■ Work to be completed ■
Work through the entries below line by line and give the number of lines with the string "html", nothing else.

Collected data
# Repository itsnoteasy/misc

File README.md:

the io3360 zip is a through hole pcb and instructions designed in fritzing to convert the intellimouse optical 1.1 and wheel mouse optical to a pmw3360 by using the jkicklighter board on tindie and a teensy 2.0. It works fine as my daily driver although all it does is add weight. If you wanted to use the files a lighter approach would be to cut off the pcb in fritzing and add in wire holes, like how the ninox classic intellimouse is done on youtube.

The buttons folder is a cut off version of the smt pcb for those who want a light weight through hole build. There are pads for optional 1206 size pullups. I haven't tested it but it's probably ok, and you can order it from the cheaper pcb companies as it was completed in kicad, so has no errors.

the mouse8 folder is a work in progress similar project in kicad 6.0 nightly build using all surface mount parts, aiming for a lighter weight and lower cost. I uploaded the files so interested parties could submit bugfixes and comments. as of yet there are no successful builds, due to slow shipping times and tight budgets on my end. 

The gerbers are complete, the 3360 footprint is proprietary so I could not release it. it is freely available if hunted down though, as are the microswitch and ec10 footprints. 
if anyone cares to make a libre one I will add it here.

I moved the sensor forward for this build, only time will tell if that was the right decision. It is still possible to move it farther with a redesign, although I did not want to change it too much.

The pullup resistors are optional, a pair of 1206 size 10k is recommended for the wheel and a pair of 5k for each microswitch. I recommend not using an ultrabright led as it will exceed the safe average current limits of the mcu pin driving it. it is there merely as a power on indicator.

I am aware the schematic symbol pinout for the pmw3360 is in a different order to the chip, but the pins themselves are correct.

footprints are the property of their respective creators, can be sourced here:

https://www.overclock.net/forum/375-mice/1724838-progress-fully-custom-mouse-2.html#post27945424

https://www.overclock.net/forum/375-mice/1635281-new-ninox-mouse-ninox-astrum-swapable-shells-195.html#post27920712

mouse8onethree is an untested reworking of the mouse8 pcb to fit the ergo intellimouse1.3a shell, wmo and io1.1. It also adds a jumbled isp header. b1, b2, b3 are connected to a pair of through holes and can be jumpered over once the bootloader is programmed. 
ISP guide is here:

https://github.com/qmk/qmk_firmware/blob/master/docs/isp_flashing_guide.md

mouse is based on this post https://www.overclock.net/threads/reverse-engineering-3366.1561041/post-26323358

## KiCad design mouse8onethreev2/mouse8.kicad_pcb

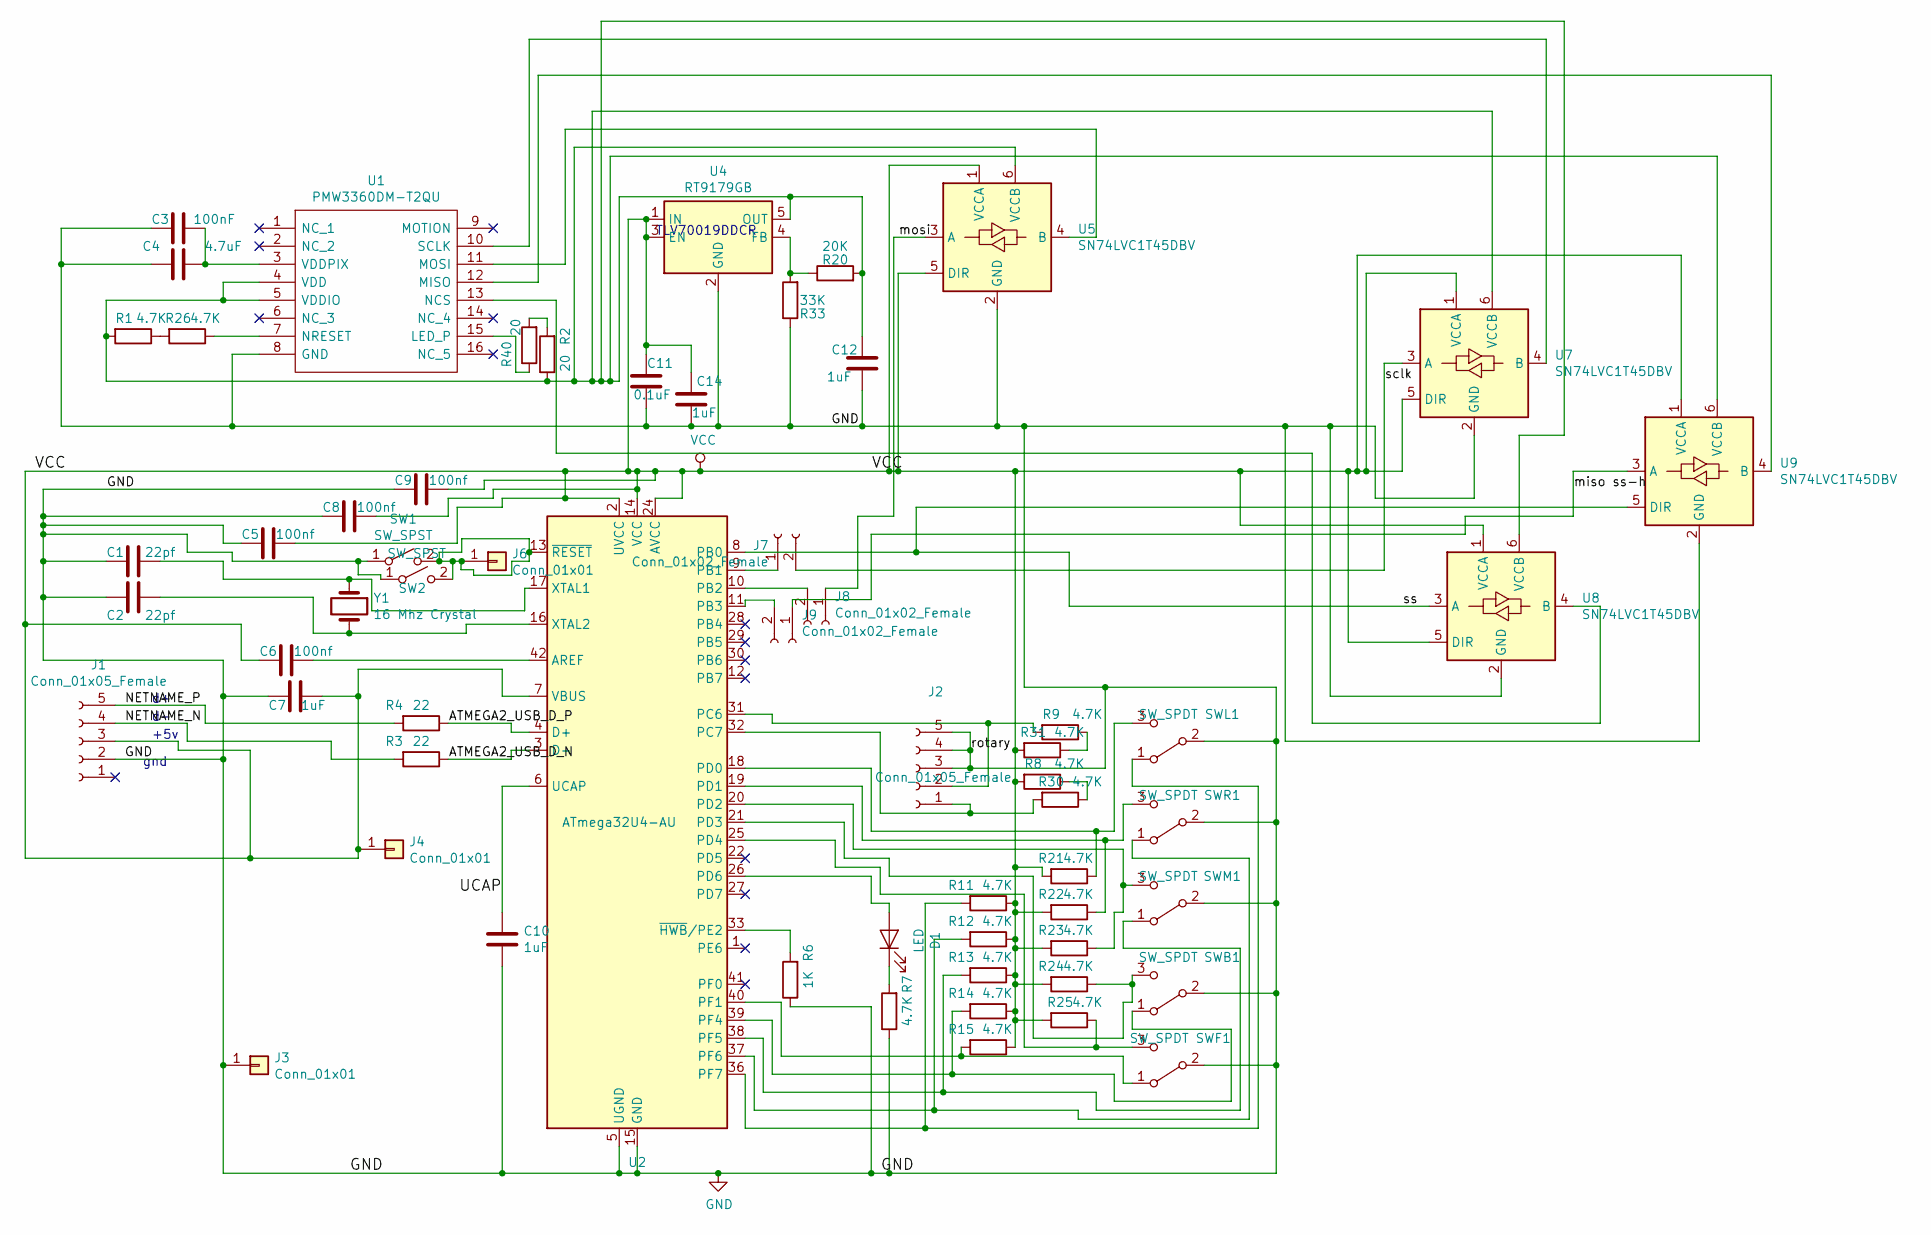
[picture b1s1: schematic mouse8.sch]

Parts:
C1, C2: 22pf; C_0805_2012Metric_Pad1.15x1.40mm_HandSolder
C3: 100nF; C_0805_2012Metric_Pad1.15x1.40mm_HandSolder
C4: 4.7uF; C_0805_2012Metric_Pad1.15x1.40mm_HandSolder
C5, C6, C8, C9: 100nf; C_0805_2012Metric_Pad1.15x1.40mm_HandSolder
C7, C10, C12, C14: 1uF; C_0805_2012Metric_Pad1.15x1.40mm_HandSolder
C11: 0.1uF; C_0805_2012Metric_Pad1.15x1.40mm_HandSolder
D1: LED; LED_D3.0mm
J1: Conn_01x05_Female; JST_PH_B5B-PH-K_1x05_P2.00mm_Vertical
J2: Conn_01x05_Female; ALPS_horzontal_encoder
J3, J4, J6: Conn_01x01; PinHeader_1x01_P2.54mm_Vertical
J7, J8, J9: Conn_01x02_Female; PinHeader_1x02_P2.54mm_Vertical
R1, R7, R8, R9, R11, R12, R13, R14, R15, R21, R22, R23, R24, R25, R26, R30, R31: 4.7K; R_0805_2012Metric_Pad1.15x1.40mm_HandSolder
R2, R40: 20; R_0805_2012Metric_Pad1.15x1.40mm_HandSolder
R3, R4: 22; R_0805_2012Metric_Pad1.15x1.40mm_HandSolder
R6: 1K; R_0805_2012Metric_Pad1.15x1.40mm_HandSolder
R20: 20K; R_0805_2012Metric_Pad1.15x1.40mm_HandSolder
R33: 33K; R_0805_2012Metric_Pad1.15x1.40mm_HandSolder
SW1, SW2: SW_SPST; SW_SPST_TL3342
SWB1: SW_SPDT; Microswitch_SPDT_D2F
SWF1: SW_SPDT; Microswitch_SPDT_D2F
SWL1: SW_SPDT; Microswitch_SPDT_D2F
SWM1: SW_SPDT; Microswitch_SPDT_D2F
SWR1: SW_SPDT; Microswitch_SPDT_D2F
U1: PMW3360DM-T2QU; PMW3360; Manufacturer_Part_Number PMW3360DM-T2QU
U2: ATmega32U4-AU; TQFP-44_10x10mm_P0.8mm
U4: RT9179GB; SOT-23-5
U5, U7, U8, U9: SN74LVC1T45DBV; SOT-23-6
Y1: 16 Mhz Crystal; Crystal_HC49-U_Vertical

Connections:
/ATMEGA2_USB_D_N: R3.1, U2.3 (D-)
/ATMEGA2_USB_D_P: R4.1, U2.4 (D+)
/NETNAME_N: J1.4, R3.2
/NETNAME_P: J1.5, R4.2
/UCAP: C10.1, U2.6 (UCAP)
/miso ss-h: J9.1, U9.3 (A)
/mosi: J8.1, U5.3 (A)
/sclk: J7.2, U7.3 (A)
/ss: U2.8 (PB0), U8.3 (A), U9.5 (DIR)
GND: C1.2, C2.2, C3.2, C4.2, C5.2, C7.2, C8.2, C9.2, C10.2, C11.2, C12.2, C14.2, J1.2, J2.3, J2.4, J2.5, J3.1, R6.1, R7.1, R33.1, SW1.1 (A), SW2.1 (A), SWB1.2 (B), SWF1.2 (B), SWL1.2 (B), SWM1.2 (B), SWR1.2 (B), U1.8 (GND), U2.5 (UGND), U2.15 (GND), U2.23 (GND), U2.35 (GND), U2.43 (GND), U4.2 (GND), U5.2 (GND), U7.2 (GND), U8.2 (GND), U9.2 (GND)
unnamed: C1.1, U2.17 (XTAL1), Y1.1
unnamed: C2.1, U2.16 (XTAL2), Y1.2
unnamed: C3.1, C4.1, U1.3 (VDDPIX)
unnamed: C6.1, U2.42 (AREF)
unnamed: C12.1, R1.2, R2.1, R20.2, U1.4 (VDD), U1.5 (VDDIO), U4.5 (OUT), U5.6 (VCCB), U7.6 (VCCB), U8.6 (VCCB), U9.6 (VCCB)
unnamed: D1.1 (K), R7.2
unnamed: D1.2 (A), U2.26 (PD6)
unnamed: J2.1, R30.2, U2.32 (PC7)
unnamed: J2.2, R9.2, U2.31 (PC6)
unnamed: J6.1, SW1.2 (B), SW2.2 (B), U2.13 (~RESET)
unnamed: J7.1, U2.9 (PB1)
unnamed: J8.2, U2.10 (PB2)
unnamed: J9.2, U2.11 (PB3)
unnamed: R1.1, R26.2
unnamed: R2.2, R40.2
unnamed: R6.2, U2.33 (~HWB~/PE2)
unnamed: R11.2, SWL1.1 (A), U2.36 (PF7)
unnamed: R12.2, SWR1.1 (A), U2.37 (PF6)
unnamed: R13.2, SWM1.1 (A), U2.38 (PF5)
unnamed: R14.2, SWB1.1 (A), U2.39 (PF4)
unnamed: R15.2, SWF1.1 (A), U2.40 (PF1)
unnamed: R20.1, R33.2, U4.4 (FB)
unnamed: R21.1, SWL1.3 (C), U2.18 (PD0)
unnamed: R22.1, SWR1.3 (C), U2.19 (PD1)
unnamed: R23.1, SWM1.3 (C), U2.20 (PD2)
unnamed: R24.1, SWB1.3 (C), U2.21 (PD3)
unnamed: R25.1, SWF1.3 (C), U2.25 (PD4)
unnamed: R26.1, U1.7 (NRESET)
unnamed: R8.1, R30.1
unnamed: R9.1, R31.1
unnamed: R40.1, U1.15 (LED_P)
unnamed: U1.10 (SCLK), U7.4 (B)
unnamed: U1.11 (MOSI), U5.4 (B)
unnamed: U1.12 (MISO), U9.4 (B)
unnamed: U1.13 (NCS), U8.4 (B)
VCC: C5.1, C6.2, C7.1, C8.1, C9.1, C11.1, C14.1, J1.3, J4.1, R8.2, R11.1, R12.1, R13.1, R14.1, R15.1, R21.2, R22.2, R23.2, R24.2, R25.2, R31.2, U2.2 (UVCC), U2.7 (VBUS), U2.14 (VCC), U2.24 (AVCC), U2.34 (VCC), U2.44 (AVCC), U4.1 (IN), U4.3 (EN), U5.1 (VCCA), U5.5 (DIR), U7.1 (VCCA), U7.5 (DIR), U8.1 (VCCA), U8.5 (DIR), U9.1 (VCCA)

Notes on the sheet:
TLV70019DDCR
gnd
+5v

■ Answer to the exercise ■
2